• Your assignment
Output the entries below word for word, stopping once the line containing "mat_material.use_nodes = True;" is done, and omit each picture.

• Extracted material
• • •

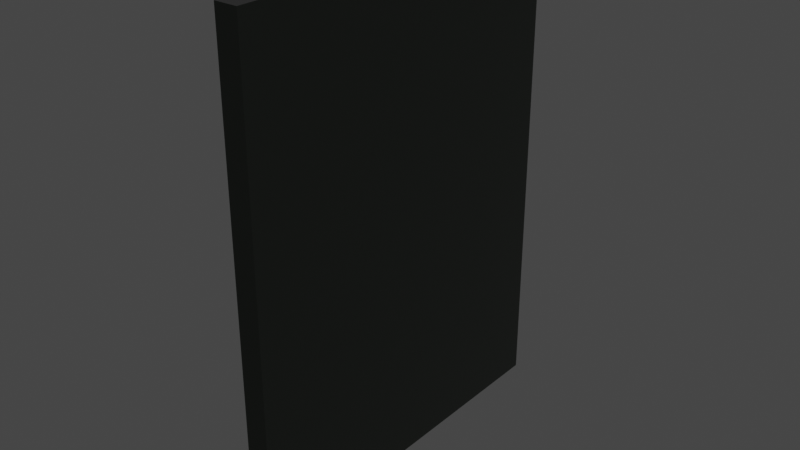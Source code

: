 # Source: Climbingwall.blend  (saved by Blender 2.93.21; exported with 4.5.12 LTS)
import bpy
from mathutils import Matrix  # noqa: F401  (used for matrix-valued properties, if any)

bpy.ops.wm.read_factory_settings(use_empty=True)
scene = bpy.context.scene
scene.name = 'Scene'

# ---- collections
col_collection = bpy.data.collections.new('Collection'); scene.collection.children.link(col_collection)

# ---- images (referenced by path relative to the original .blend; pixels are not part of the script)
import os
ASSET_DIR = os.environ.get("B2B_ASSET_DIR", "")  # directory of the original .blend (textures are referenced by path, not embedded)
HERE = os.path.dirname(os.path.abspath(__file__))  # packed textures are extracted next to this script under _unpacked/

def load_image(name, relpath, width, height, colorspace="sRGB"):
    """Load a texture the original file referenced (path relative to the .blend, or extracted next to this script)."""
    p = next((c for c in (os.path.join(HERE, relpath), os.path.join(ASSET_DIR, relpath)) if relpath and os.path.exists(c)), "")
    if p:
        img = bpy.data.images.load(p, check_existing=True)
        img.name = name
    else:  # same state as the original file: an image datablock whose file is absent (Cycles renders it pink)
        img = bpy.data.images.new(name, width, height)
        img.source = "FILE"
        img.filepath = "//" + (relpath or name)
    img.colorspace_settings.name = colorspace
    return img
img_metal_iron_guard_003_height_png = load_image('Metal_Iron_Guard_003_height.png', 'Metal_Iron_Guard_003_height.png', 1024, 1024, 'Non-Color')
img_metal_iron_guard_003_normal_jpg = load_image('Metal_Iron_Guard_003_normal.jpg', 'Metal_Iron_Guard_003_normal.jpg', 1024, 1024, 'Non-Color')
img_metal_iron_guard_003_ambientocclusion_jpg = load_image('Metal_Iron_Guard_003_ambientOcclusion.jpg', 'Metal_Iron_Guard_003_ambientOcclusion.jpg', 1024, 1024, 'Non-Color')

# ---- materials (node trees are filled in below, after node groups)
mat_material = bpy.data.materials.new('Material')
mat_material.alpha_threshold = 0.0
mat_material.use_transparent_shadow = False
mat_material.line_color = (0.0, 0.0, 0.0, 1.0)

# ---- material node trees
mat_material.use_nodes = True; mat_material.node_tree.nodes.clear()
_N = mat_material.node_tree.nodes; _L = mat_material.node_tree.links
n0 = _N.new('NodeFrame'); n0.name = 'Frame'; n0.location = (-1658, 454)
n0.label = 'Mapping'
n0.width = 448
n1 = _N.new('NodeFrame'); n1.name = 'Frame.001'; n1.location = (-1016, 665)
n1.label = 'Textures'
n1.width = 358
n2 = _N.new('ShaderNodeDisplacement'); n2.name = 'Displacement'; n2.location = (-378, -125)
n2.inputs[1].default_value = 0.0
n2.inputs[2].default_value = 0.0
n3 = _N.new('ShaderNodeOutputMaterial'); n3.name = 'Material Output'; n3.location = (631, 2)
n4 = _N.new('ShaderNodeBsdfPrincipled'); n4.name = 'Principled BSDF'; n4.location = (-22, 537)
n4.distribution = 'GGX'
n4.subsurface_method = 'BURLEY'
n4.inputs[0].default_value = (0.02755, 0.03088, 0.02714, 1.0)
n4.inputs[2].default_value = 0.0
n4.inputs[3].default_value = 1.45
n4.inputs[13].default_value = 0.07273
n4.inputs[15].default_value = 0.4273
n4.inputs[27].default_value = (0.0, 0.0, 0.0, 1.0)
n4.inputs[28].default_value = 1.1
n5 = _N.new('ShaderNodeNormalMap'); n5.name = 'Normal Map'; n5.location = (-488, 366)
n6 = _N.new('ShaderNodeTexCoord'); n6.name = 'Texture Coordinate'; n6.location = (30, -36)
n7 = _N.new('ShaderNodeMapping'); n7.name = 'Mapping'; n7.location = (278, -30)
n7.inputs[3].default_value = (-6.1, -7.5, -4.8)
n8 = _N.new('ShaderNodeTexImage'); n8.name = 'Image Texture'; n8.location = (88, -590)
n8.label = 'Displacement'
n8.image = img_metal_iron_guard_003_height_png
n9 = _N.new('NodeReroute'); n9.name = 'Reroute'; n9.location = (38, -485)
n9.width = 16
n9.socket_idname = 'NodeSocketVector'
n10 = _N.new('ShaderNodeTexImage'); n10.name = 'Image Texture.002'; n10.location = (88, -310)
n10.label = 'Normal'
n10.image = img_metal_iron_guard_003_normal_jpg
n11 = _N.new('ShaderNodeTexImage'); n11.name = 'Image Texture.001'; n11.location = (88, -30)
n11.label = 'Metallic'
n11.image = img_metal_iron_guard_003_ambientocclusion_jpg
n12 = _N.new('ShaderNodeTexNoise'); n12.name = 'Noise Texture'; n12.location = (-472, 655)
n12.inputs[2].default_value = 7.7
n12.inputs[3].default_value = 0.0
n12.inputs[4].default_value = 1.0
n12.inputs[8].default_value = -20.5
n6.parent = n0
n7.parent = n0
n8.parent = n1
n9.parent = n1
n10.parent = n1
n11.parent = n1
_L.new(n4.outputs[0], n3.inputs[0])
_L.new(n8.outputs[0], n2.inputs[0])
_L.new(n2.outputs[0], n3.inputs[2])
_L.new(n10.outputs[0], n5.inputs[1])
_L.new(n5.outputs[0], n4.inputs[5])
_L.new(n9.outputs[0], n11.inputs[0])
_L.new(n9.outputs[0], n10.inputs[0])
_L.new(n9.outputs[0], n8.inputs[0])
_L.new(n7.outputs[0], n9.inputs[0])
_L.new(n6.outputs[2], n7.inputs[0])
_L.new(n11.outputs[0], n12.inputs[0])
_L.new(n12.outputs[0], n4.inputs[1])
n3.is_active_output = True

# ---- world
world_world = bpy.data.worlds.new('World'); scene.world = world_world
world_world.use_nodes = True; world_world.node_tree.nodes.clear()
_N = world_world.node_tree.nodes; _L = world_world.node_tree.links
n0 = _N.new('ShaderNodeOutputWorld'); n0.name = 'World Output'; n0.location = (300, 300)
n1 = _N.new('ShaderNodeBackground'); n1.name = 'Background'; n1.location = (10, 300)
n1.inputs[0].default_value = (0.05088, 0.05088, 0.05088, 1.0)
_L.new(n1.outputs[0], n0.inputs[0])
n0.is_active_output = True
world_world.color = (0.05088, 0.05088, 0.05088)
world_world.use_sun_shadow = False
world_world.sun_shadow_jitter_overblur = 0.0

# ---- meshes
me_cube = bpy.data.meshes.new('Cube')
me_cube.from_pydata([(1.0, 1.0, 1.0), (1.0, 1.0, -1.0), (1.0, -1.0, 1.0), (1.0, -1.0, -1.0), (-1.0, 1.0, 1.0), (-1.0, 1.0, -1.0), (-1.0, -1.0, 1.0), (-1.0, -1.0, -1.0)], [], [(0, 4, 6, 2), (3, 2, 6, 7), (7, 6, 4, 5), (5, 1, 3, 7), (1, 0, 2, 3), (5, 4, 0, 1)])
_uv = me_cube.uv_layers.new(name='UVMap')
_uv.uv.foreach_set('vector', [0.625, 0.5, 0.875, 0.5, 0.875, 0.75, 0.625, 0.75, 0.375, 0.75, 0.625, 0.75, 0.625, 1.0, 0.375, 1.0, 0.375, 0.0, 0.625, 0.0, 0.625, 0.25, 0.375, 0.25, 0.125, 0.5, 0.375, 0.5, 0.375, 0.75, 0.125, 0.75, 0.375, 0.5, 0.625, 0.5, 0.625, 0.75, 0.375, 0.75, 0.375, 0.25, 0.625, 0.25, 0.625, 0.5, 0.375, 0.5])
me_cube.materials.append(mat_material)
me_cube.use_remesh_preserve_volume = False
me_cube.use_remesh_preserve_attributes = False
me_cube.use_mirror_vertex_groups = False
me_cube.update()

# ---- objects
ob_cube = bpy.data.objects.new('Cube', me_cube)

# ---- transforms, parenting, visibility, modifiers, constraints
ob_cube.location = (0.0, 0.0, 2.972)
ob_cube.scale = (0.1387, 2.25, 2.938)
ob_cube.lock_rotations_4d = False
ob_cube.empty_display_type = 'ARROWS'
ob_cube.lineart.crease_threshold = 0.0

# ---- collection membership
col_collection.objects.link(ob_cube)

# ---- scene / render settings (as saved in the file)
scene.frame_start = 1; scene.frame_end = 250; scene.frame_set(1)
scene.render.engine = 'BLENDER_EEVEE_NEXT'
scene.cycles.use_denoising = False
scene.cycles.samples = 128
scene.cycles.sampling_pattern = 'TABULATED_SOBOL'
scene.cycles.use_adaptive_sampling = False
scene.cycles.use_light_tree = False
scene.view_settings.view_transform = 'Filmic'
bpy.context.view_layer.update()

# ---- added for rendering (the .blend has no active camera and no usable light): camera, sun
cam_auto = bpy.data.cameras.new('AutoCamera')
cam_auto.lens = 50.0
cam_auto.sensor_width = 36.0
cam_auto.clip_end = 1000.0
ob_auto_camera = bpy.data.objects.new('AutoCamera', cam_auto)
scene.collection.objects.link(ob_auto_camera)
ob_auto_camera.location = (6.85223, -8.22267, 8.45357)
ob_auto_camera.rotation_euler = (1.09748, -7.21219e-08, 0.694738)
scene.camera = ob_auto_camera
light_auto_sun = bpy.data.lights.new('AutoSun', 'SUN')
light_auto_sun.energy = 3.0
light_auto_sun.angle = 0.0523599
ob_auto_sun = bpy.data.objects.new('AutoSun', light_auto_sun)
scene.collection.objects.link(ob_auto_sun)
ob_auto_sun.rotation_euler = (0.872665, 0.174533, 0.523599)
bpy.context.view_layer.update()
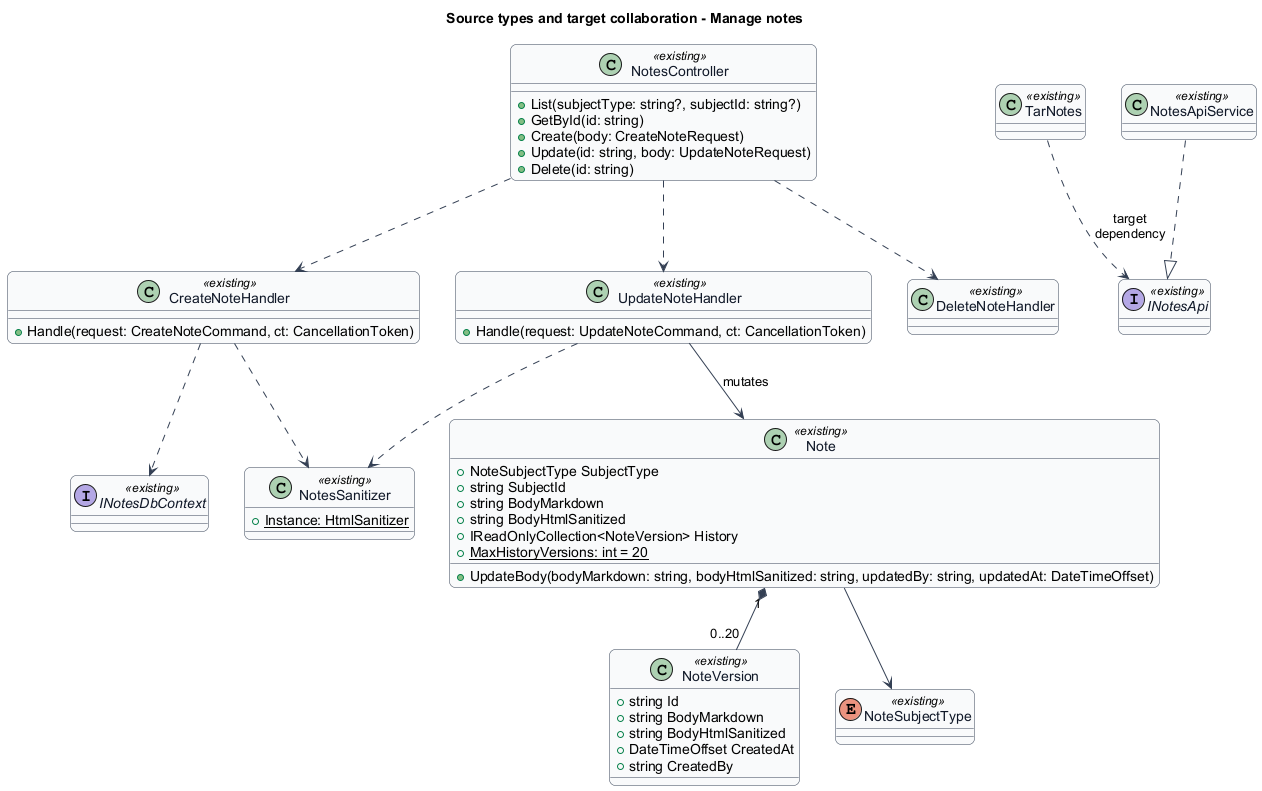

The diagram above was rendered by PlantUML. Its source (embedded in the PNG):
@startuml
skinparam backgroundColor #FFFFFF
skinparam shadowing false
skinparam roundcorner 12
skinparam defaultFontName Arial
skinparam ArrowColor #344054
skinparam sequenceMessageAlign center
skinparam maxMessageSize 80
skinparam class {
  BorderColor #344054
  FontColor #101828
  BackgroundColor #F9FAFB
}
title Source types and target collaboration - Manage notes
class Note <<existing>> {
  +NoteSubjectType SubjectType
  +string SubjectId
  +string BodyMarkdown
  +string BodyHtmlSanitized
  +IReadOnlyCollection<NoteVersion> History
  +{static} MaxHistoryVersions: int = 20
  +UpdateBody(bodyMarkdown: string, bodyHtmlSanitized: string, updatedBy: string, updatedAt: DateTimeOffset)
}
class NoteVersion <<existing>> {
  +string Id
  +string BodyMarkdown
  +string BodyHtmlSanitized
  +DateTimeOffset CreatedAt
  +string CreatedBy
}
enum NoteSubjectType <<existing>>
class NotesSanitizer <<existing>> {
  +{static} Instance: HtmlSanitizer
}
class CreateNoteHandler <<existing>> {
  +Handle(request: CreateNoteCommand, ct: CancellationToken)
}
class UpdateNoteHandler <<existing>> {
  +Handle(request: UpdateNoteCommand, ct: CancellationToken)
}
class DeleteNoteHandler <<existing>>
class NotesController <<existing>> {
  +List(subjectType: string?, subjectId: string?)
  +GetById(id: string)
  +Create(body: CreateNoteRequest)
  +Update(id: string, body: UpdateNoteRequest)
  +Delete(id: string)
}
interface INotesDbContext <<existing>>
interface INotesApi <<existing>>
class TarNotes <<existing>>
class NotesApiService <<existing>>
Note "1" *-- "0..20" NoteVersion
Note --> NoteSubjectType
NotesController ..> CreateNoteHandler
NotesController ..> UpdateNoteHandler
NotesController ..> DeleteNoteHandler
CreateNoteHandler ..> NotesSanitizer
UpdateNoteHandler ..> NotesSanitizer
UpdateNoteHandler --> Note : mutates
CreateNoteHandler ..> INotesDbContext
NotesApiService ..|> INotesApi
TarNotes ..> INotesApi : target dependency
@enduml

• • •

• Solution below
Source code

: # Source: Climbingwall.blend  (saved by Blender 2.93.21; exported with 4.5.12 LTS)
import bpy
from mathutils import Matrix  # noqa: F401  (used for matrix-valued properties, if any)

bpy.ops.wm.read_factory_settings(use_empty=True)
scene = bpy.context.scene
scene.name = 'Scene'

# ---- collections
col_collection = bpy.data.collections.new('Collection'); scene.collection.children.link(col_collection)

# ---- images (referenced by path relative to the original .blend; pixels are not part of the script)
import os
ASSET_DIR = os.environ.get("B2B_ASSET_DIR", "")  # directory of the original .blend (textures are referenced by path, not embedded)
HERE = os.path.dirname(os.path.abspath(__file__))  # packed textures are extracted next to this script under _unpacked/

def load_image(name, relpath, width, height, colorspace="sRGB"):
    """Load a texture the original file referenced (path relative to the .blend, or extracted next to this script)."""
    p = next((c for c in (os.path.join(HERE, relpath), os.path.join(ASSET_DIR, relpath)) if relpath and os.path.exists(c)), "")
    if p:
        img = bpy.data.images.load(p, check_existing=True)
        img.name = name
    else:  # same state as the original file: an image datablock whose file is absent (Cycles renders it pink)
        img = bpy.data.images.new(name, width, height)
        img.source = "FILE"
        img.filepath = "//" + (relpath or name)
    img.colorspace_settings.name = colorspace
    return img
img_metal_iron_guard_003_height_png = load_image('Metal_Iron_Guard_003_height.png', 'Metal_Iron_Guard_003_height.png', 1024, 1024, 'Non-Color')
img_metal_iron_guard_003_normal_jpg = load_image('Metal_Iron_Guard_003_normal.jpg', 'Metal_Iron_Guard_003_normal.jpg', 1024, 1024, 'Non-Color')
img_metal_iron_guard_003_ambientocclusion_jpg = load_image('Metal_Iron_Guard_003_ambientOcclusion.jpg', 'Metal_Iron_Guard_003_ambientOcclusion.jpg', 1024, 1024, 'Non-Color')

# ---- materials (node trees are filled in below, after node groups)
mat_material = bpy.data.materials.new('Material')
mat_material.alpha_threshold = 0.0
mat_material.use_transparent_shadow = False
mat_material.line_color = (0.0, 0.0, 0.0, 1.0)

# ---- material node trees
mat_material.use_nodes = True; mat_material.node_tree.nodes.clear()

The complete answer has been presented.